A new species of extinct crocodile relative is changing life on the Triassic coast

  • Art
  • July 11, 2024

The surprising discovery of a new species of extinct crocodile relative from the Triassic Favret Formation of Nevada, USA, is rewriting the story of coastal life during the first act of the Age of Dinosaurs, described in a study published in Biology Lettersthe new species Benggwigwishingasuchus eremicarminis reveals that while giant ichthyosaurs ruled the oceans, the ancient crocodile family known as pseudosuchian archosaurs ruled the coasts throughout the Middle Triassic between 247.2 and 237 million years ago.

“This exciting new species demonstrates that pseudosuchians occupied coastal areas worldwide during the Middle Triassic,” said Dr. Nate Smith, lead author of the paper, and Gretchen Augustyn, director and curator of the Dinosaur Institute at the Natural History Museum of Los Angeles County.

The site where the Favret Formation is located is known for its fossils of marine animals such as ammonites and marine reptiles such as the giant ichthyosaur, which originate from the eastern Panthalassan Ocean of the Triassic. C.jongorum — finding the newly described B. eremicarminis came as a shock.

“Our first reaction was: what on earth is this?” said co-author Dr. Nicole Klein of the University of Bonn. “We expected to find things like marine reptiles. We couldn't understand how a land animal could end up so far out at sea among the ichthyosaurs and ammonites. It wasn't until I saw the almost completely prepared specimen in real life that I was convinced that this really was a land animal.”

Pseudosuchian archosaurs have been unearthed in fossil layers from the shorelines of the ancient Tethys Ocean, but this is the first coastal representative from the Panthalassan Ocean and the Western Hemisphere, revealing that these crocodilian relatives were present in coastal areas worldwide during the Middle Triassic. Interestingly, these coastal species do not all belong to the same evolutionary group, suggesting that pseudosuchians (and archosauriforms more broadly) adapted to shoreline life independently.

“Essentially, it looks like you had a bunch of very different archosauriform groups that decided to dip their toes in the water during the Middle Triassic. What's interesting is that it doesn't look like many of these 'independent experiments' led to broader radiations of semi-aquatic groups,” Smith said.

During the Triassic, the archosaurs, 'the ruling reptiles', emerged and split into two groups with two surviving representatives: birds, the descendants of the dinosaurs, and crocodilians (alligators, crocodiles and gharials), the descendants of pseudosuchian archosaurs such as B. eremicarminis. Although today's crocodiles look similar enough that most people mistake them for one another, their ancient relatives varied greatly in size and lifestyle. The evolutionary relationships of B. eremicarminis and its relatives suggest that Pseudosuchia reached a high level of diversity in a short period of time after the End-Permian mass extinction, the extent of which has yet to be discovered in the fossil record.

“A growing number of recent discoveries of pseudosuchians from the Middle Triassic suggest that there was an underestimated amount of morphological and ecological diversity and experimentation going on in the early history of the group. While much of the public's fascination with the Triassic focuses on the origin of dinosaurs, it was actually the pseudosuchians that were doing interesting things at the beginning of the Mesozoic,” Smith said.
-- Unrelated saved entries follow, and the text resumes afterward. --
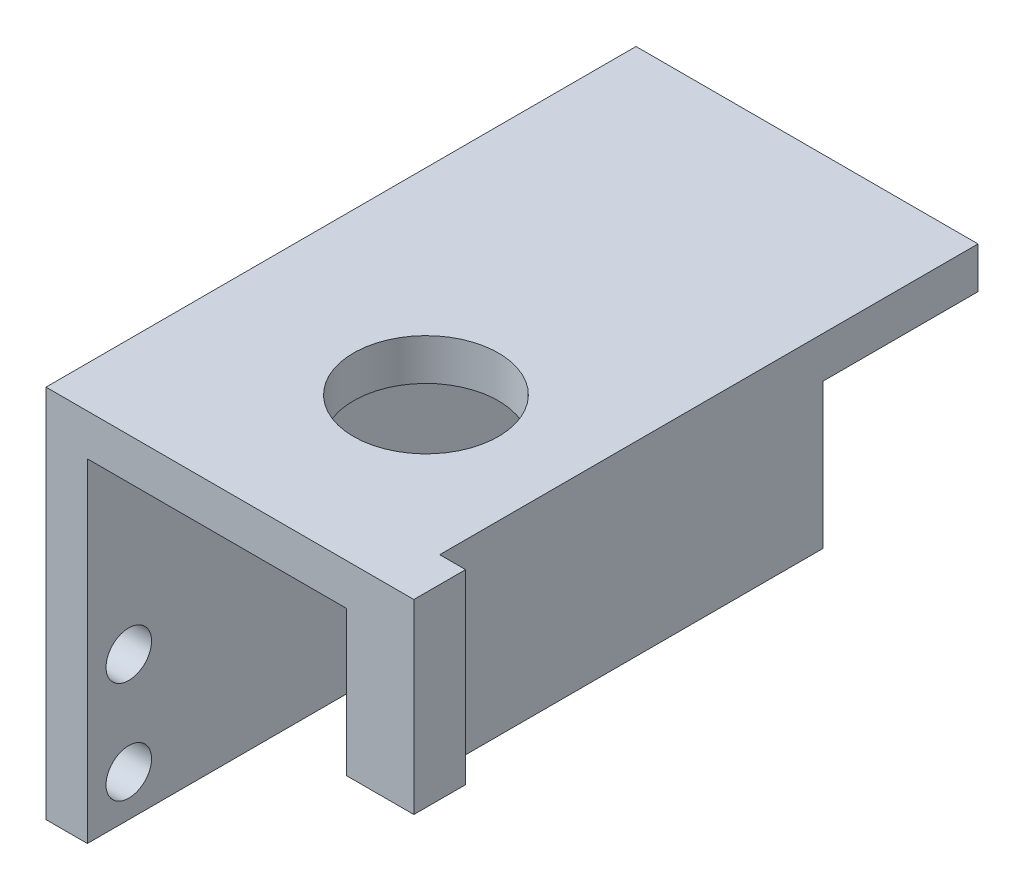
ISO-10303-21;
HEADER;
FILE_DESCRIPTION(('STEP AP214'),'2;1');
FILE_NAME('part.step','',(''),(''),'','','');
FILE_SCHEMA(('AUTOMOTIVE_DESIGN { 1 0 10303 214 1 1 1 1 }'));
ENDSEC;
DATA;
#1=APPLICATION_CONTEXT('core data for automotive mechanical design processes');
#2=APPLICATION_PROTOCOL_DEFINITION('international standard','automotive_design',2000,#1);
#3=PRODUCT_CONTEXT('',#1,'mechanical');
#4=PRODUCT('Part','Part','',(#3));
#5=PRODUCT_RELATED_PRODUCT_CATEGORY('part','',(#4));
#6=PRODUCT_DEFINITION_FORMATION('','',#4);
#7=PRODUCT_DEFINITION_CONTEXT('part definition',#1,'design');
#8=PRODUCT_DEFINITION('design','',#6,#7);
#9=PRODUCT_DEFINITION_SHAPE('','',#8);
#10=(LENGTH_UNIT() NAMED_UNIT(*) SI_UNIT(.MILLI.,.METRE.));
#11=(NAMED_UNIT(*) PLANE_ANGLE_UNIT() SI_UNIT($,.RADIAN.));
#12=(NAMED_UNIT(*) SI_UNIT($,.STERADIAN.) SOLID_ANGLE_UNIT());
#13=UNCERTAINTY_MEASURE_WITH_UNIT(LENGTH_MEASURE(1.E-05),#10,'distance_accuracy_value','');
#14=(GEOMETRIC_REPRESENTATION_CONTEXT(3) GLOBAL_UNCERTAINTY_ASSIGNED_CONTEXT((#13)) GLOBAL_UNIT_ASSIGNED_CONTEXT((#10,
#11,#12)) REPRESENTATION_CONTEXT('',''));
#15=CARTESIAN_POINT('',(0.,0.,0.));
#16=DIRECTION('',(0.,0.,1.));
#17=DIRECTION('',(1.,0.,0.));
#18=AXIS2_PLACEMENT_3D('',#15,#16,#17);
#19=CARTESIAN_POINT('',(33.05,14.1,28.51));
#20=DIRECTION('',(0.,1.,0.));
#21=DIRECTION('',(0.,0.,1.));
#22=AXIS2_PLACEMENT_3D('',#19,#20,#21);
#23=PLANE('',#22);
#24=CARTESIAN_POINT('',(19.,14.1,10.79));
#25=DIRECTION('',(0.,1.,0.));
#26=DIRECTION('',(0.,0.,1.));
#27=AXIS2_PLACEMENT_3D('',#24,#25,#26);
#28=CIRCLE('',#27,7.);
#29=CARTESIAN_POINT('',(19.,14.1,17.79));
#30=VERTEX_POINT('',#29);
#31=EDGE_CURVE('E172',#30,#30,#28,.F.);
#32=ORIENTED_EDGE('',*,*,#31,.F.);
#33=EDGE_LOOP('',(#32));
#34=FACE_BOUND('',#33,.T.);
#35=DIRECTION('',(0.,0.,-1.));
#36=VECTOR('',#35,1.);
#37=CARTESIAN_POINT('',(29.05,14.1,28.51));
#38=LINE('',#37,#36);
#39=CARTESIAN_POINT('',(29.05,14.1,28.51));
#40=VERTEX_POINT('',#39);
#41=CARTESIAN_POINT('',(29.05,14.1,-13.51));
#42=VERTEX_POINT('',#41);
#43=EDGE_CURVE('E176',#40,#42,#38,.T.);
#44=ORIENTED_EDGE('',*,*,#43,.F.);
#45=DIRECTION('',(-1.,0.,0.));
#46=VECTOR('',#45,1.);
#47=CARTESIAN_POINT('',(33.05,14.1,28.51));
#48=LINE('',#47,#46);
#49=CARTESIAN_POINT('',(4.,14.1,28.51));
#50=VERTEX_POINT('',#49);
#51=EDGE_CURVE('E215',#40,#50,#48,.T.);
#52=ORIENTED_EDGE('',*,*,#51,.T.);
#53=DIRECTION('',(0.,0.,-1.));
#54=VECTOR('',#53,1.);
#55=CARTESIAN_POINT('',(4.,14.1,28.51));
#56=LINE('',#55,#54);
#57=CARTESIAN_POINT('',(4.,14.1,-28.51));
#58=VERTEX_POINT('',#57);
#59=EDGE_CURVE('E197',#50,#58,#56,.T.);
#60=ORIENTED_EDGE('',*,*,#59,.T.);
#61=DIRECTION('',(-1.,0.,0.));
#62=VECTOR('',#61,1.);
#63=CARTESIAN_POINT('',(33.05,14.1,-28.51));
#64=LINE('',#63,#62);
#65=CARTESIAN_POINT('',(33.05,14.1,-28.51));
#66=VERTEX_POINT('',#65);
#67=EDGE_CURVE('E208',#66,#58,#64,.T.);
#68=ORIENTED_EDGE('',*,*,#67,.F.);
#69=DIRECTION('',(0.,0.,-1.));
#70=VECTOR('',#69,1.);
#71=CARTESIAN_POINT('',(33.05,14.1,28.51));
#72=LINE('',#71,#70);
#73=CARTESIAN_POINT('',(33.05,14.1,-13.51));
#74=VERTEX_POINT('',#73);
#75=EDGE_CURVE('E198',#74,#66,#72,.T.);
#76=ORIENTED_EDGE('',*,*,#75,.F.);
#77=DIRECTION('',(1.,0.,0.));
#78=VECTOR('',#77,1.);
#79=CARTESIAN_POINT('',(33.05,14.1,-13.51));
#80=LINE('',#79,#78);
#81=EDGE_CURVE('E178',#42,#74,#80,.T.);
#82=ORIENTED_EDGE('',*,*,#81,.F.);
#83=EDGE_LOOP('',(#44,#52,#60,#68,#76,#82));
#84=FACE_BOUND('',#83,.T.);
#85=ADVANCED_FACE('F41',(#34,#84),#23,.F.);
#86=CARTESIAN_POINT('',(4.,0.,0.));
#87=DIRECTION('',(1.,0.,0.));
#88=DIRECTION('',(0.,0.,-1.));
#89=AXIS2_PLACEMENT_3D('',#86,#87,#88);
#90=PLANE('',#89);
#91=ORIENTED_EDGE('',*,*,#59,.F.);
#92=DIRECTION('',(0.,-1.,0.));
#93=VECTOR('',#92,1.);
#94=CARTESIAN_POINT('',(4.,18.1,28.51));
#95=LINE('',#94,#93);
#96=CARTESIAN_POINT('',(4.,-18.1,28.51));
#97=VERTEX_POINT('',#96);
#98=EDGE_CURVE('E254',#50,#97,#95,.T.);
#99=ORIENTED_EDGE('',*,*,#98,.T.);
#100=DIRECTION('',(0.,0.,-1.));
#101=VECTOR('',#100,1.);
#102=CARTESIAN_POINT('',(4.,-18.1,28.51));
#103=LINE('',#102,#101);
#104=CARTESIAN_POINT('',(4.,-18.1,-28.51));
#105=VERTEX_POINT('',#104);
#106=EDGE_CURVE('E258',#97,#105,#103,.T.);
#107=ORIENTED_EDGE('',*,*,#106,.T.);
#108=DIRECTION('',(0.,1.,0.));
#109=VECTOR('',#108,1.);
#110=CARTESIAN_POINT('',(4.,18.1,-28.51));
#111=LINE('',#110,#109);
#112=EDGE_CURVE('E251',#105,#58,#111,.T.);
#113=ORIENTED_EDGE('',*,*,#112,.T.);
#114=EDGE_LOOP('',(#91,#99,#107,#113));
#115=FACE_BOUND('',#114,.T.);
#116=CARTESIAN_POINT('',(4.,-4.25,-24.51));
#117=DIRECTION('',(1.,0.,0.));
#118=DIRECTION('',(0.,0.,-1.));
#119=AXIS2_PLACEMENT_3D('',#116,#117,#118);
#120=CIRCLE('',#119,2.2);
#121=CARTESIAN_POINT('',(4.,-4.25,-26.71));
#122=VERTEX_POINT('',#121);
#123=EDGE_CURVE('E227',#122,#122,#120,.T.);
#124=ORIENTED_EDGE('',*,*,#123,.F.);
#125=EDGE_LOOP('',(#124));
#126=FACE_BOUND('',#125,.T.);
#127=CARTESIAN_POINT('',(4.,-4.25,24.51));
#128=DIRECTION('',(1.,0.,0.));
#129=DIRECTION('',(0.,0.,-1.));
#130=AXIS2_PLACEMENT_3D('',#127,#128,#129);
#131=CIRCLE('',#130,2.2);
#132=CARTESIAN_POINT('',(4.,-4.25,22.31));
#133=VERTEX_POINT('',#132);
#134=EDGE_CURVE('E243',#133,#133,#131,.T.);
#135=ORIENTED_EDGE('',*,*,#134,.F.);
#136=EDGE_LOOP('',(#135));
#137=FACE_BOUND('',#136,.T.);
#138=CARTESIAN_POINT('',(4.,-14.1,24.51));
#139=DIRECTION('',(1.,0.,0.));
#140=DIRECTION('',(0.,0.,-1.));
#141=AXIS2_PLACEMENT_3D('',#138,#139,#140);
#142=CIRCLE('',#141,2.2);
#143=CARTESIAN_POINT('',(4.,-14.1,22.31));
#144=VERTEX_POINT('',#143);
#145=EDGE_CURVE('E235',#144,#144,#142,.T.);
#146=ORIENTED_EDGE('',*,*,#145,.F.);
#147=EDGE_LOOP('',(#146));
#148=FACE_BOUND('',#147,.T.);
#149=CARTESIAN_POINT('',(4.,-14.1,-24.51));
#150=DIRECTION('',(1.,0.,0.));
#151=DIRECTION('',(0.,0.,-1.));
#152=AXIS2_PLACEMENT_3D('',#149,#150,#151);
#153=CIRCLE('',#152,2.2);
#154=CARTESIAN_POINT('',(4.,-14.1,-26.71));
#155=VERTEX_POINT('',#154);
#156=EDGE_CURVE('E219',#155,#155,#153,.T.);
#157=ORIENTED_EDGE('',*,*,#156,.F.);
#158=EDGE_LOOP('',(#157));
#159=FACE_BOUND('',#158,.T.);
#160=ADVANCED_FACE('F298',(#115,#126,#137,#148,#159),#90,.T.);
#161=CARTESIAN_POINT('',(0.,0.,0.));
#162=DIRECTION('',(1.,0.,0.));
#163=DIRECTION('',(0.,0.,-1.));
#164=AXIS2_PLACEMENT_3D('',#161,#162,#163);
#165=PLANE('',#164);
#166=DIRECTION('',(0.,1.,0.));
#167=VECTOR('',#166,1.);
#168=CARTESIAN_POINT('',(0.,18.1,-28.51));
#169=LINE('',#168,#167);
#170=CARTESIAN_POINT('',(0.,-18.1,-28.51));
#171=VERTEX_POINT('',#170);
#172=CARTESIAN_POINT('',(0.,18.1,-28.51));
#173=VERTEX_POINT('',#172);
#174=EDGE_CURVE('E247',#171,#173,#169,.T.);
#175=ORIENTED_EDGE('',*,*,#174,.F.);
#176=DIRECTION('',(0.,0.,-1.));
#177=VECTOR('',#176,1.);
#178=CARTESIAN_POINT('',(0.,-18.1,28.51));
#179=LINE('',#178,#177);
#180=CARTESIAN_POINT('',(0.,-18.1,28.51));
#181=VERTEX_POINT('',#180);
#182=EDGE_CURVE('E255',#181,#171,#179,.T.);
#183=ORIENTED_EDGE('',*,*,#182,.F.);
#184=DIRECTION('',(0.,-1.,0.));
#185=VECTOR('',#184,1.);
#186=CARTESIAN_POINT('',(0.,18.1,28.51));
#187=LINE('',#186,#185);
#188=CARTESIAN_POINT('',(0.,18.1,28.51));
#189=VERTEX_POINT('',#188);
#190=EDGE_CURVE('E268',#189,#181,#187,.T.);
#191=ORIENTED_EDGE('',*,*,#190,.F.);
#192=DIRECTION('',(0.,0.,1.));
#193=VECTOR('',#192,1.);
#194=CARTESIAN_POINT('',(0.,18.1,28.51));
#195=LINE('',#194,#193);
#196=EDGE_CURVE('E265',#173,#189,#195,.T.);
#197=ORIENTED_EDGE('',*,*,#196,.F.);
#198=EDGE_LOOP('',(#175,#183,#191,#197));
#199=FACE_BOUND('',#198,.T.);
#200=CARTESIAN_POINT('',(0.,-4.25,24.51));
#201=DIRECTION('',(1.,0.,0.));
#202=DIRECTION('',(0.,0.,-1.));
#203=AXIS2_PLACEMENT_3D('',#200,#201,#202);
#204=CIRCLE('',#203,2.2);
#205=CARTESIAN_POINT('',(0.,-4.25,22.31));
#206=VERTEX_POINT('',#205);
#207=EDGE_CURVE('E239',#206,#206,#204,.T.);
#208=ORIENTED_EDGE('',*,*,#207,.T.);
#209=EDGE_LOOP('',(#208));
#210=FACE_BOUND('',#209,.T.);
#211=CARTESIAN_POINT('',(0.,-14.1,24.51));
#212=DIRECTION('',(1.,0.,0.));
#213=DIRECTION('',(0.,0.,-1.));
#214=AXIS2_PLACEMENT_3D('',#211,#212,#213);
#215=CIRCLE('',#214,2.2);
#216=CARTESIAN_POINT('',(0.,-14.1,22.31));
#217=VERTEX_POINT('',#216);
#218=EDGE_CURVE('E231',#217,#217,#215,.T.);
#219=ORIENTED_EDGE('',*,*,#218,.T.);
#220=EDGE_LOOP('',(#219));
#221=FACE_BOUND('',#220,.T.);
#222=CARTESIAN_POINT('',(0.,-4.25,-24.51));
#223=DIRECTION('',(1.,0.,0.));
#224=DIRECTION('',(0.,0.,-1.));
#225=AXIS2_PLACEMENT_3D('',#222,#223,#224);
#226=CIRCLE('',#225,2.2);
#227=CARTESIAN_POINT('',(0.,-4.25,-26.71));
#228=VERTEX_POINT('',#227);
#229=EDGE_CURVE('E223',#228,#228,#226,.T.);
#230=ORIENTED_EDGE('',*,*,#229,.T.);
#231=EDGE_LOOP('',(#230));
#232=FACE_BOUND('',#231,.T.);
#233=CARTESIAN_POINT('',(0.,-14.1,-24.51));
#234=DIRECTION('',(1.,0.,0.));
#235=DIRECTION('',(0.,0.,-1.));
#236=AXIS2_PLACEMENT_3D('',#233,#234,#235);
#237=CIRCLE('',#236,2.2);
#238=CARTESIAN_POINT('',(0.,-14.1,-26.71));
#239=VERTEX_POINT('',#238);
#240=EDGE_CURVE('E218',#239,#239,#237,.T.);
#241=ORIENTED_EDGE('',*,*,#240,.T.);
#242=EDGE_LOOP('',(#241));
#243=FACE_BOUND('',#242,.T.);
#244=ADVANCED_FACE('F286',(#199,#210,#221,#232,#243),#165,.F.);
#245=CARTESIAN_POINT('',(4.,18.1,-28.51));
#246=DIRECTION('',(0.,0.,1.));
#247=DIRECTION('',(1.,0.,0.));
#248=AXIS2_PLACEMENT_3D('',#245,#246,#247);
#249=PLANE('',#248);
#250=ORIENTED_EDGE('',*,*,#174,.T.);
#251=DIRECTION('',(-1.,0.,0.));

The new species underscores the abundance of these ancient reptiles during the Triassic, from giants such as Mambawakale ruhuhu to smaller animals such as the newly described B. eremicarminiswhich probably grew to about 5-6 feet in length. Exactly how long B. eremicarminis was and how it survived along the coasts remains hidden in the past. Only a few elements of the individual's skull have been found and there are also no clues about how it fed and hunted. What is clearer is that B. eremicarminis probably stranded quite close to shore. The well-preserved limbs are well developed with no signs of aquatic life such as fins or altered bone density.

The research team wanted a name that would pay homage to the original human inhabitants of the Augusta Mountains where the specimen was found, so they consulted a member of the Fallon Paiute Shoshone tribe to come up with a suitable name. “Benggwi-Gwishinga,” a word that means “to catch fish” in Shoshone, was combined with the Greek word for Sobek, the Egyptian crocodile-headed god, to come up with the new genus. Benggwigwishingasuchus. The specific epithet eremicarminis translates to “desert song,” in honor of two NHMLAC supporters who share a passion for Southwest paleontology and opera. The full name thus translates roughly to “Fisherman Croc's Desert Song.”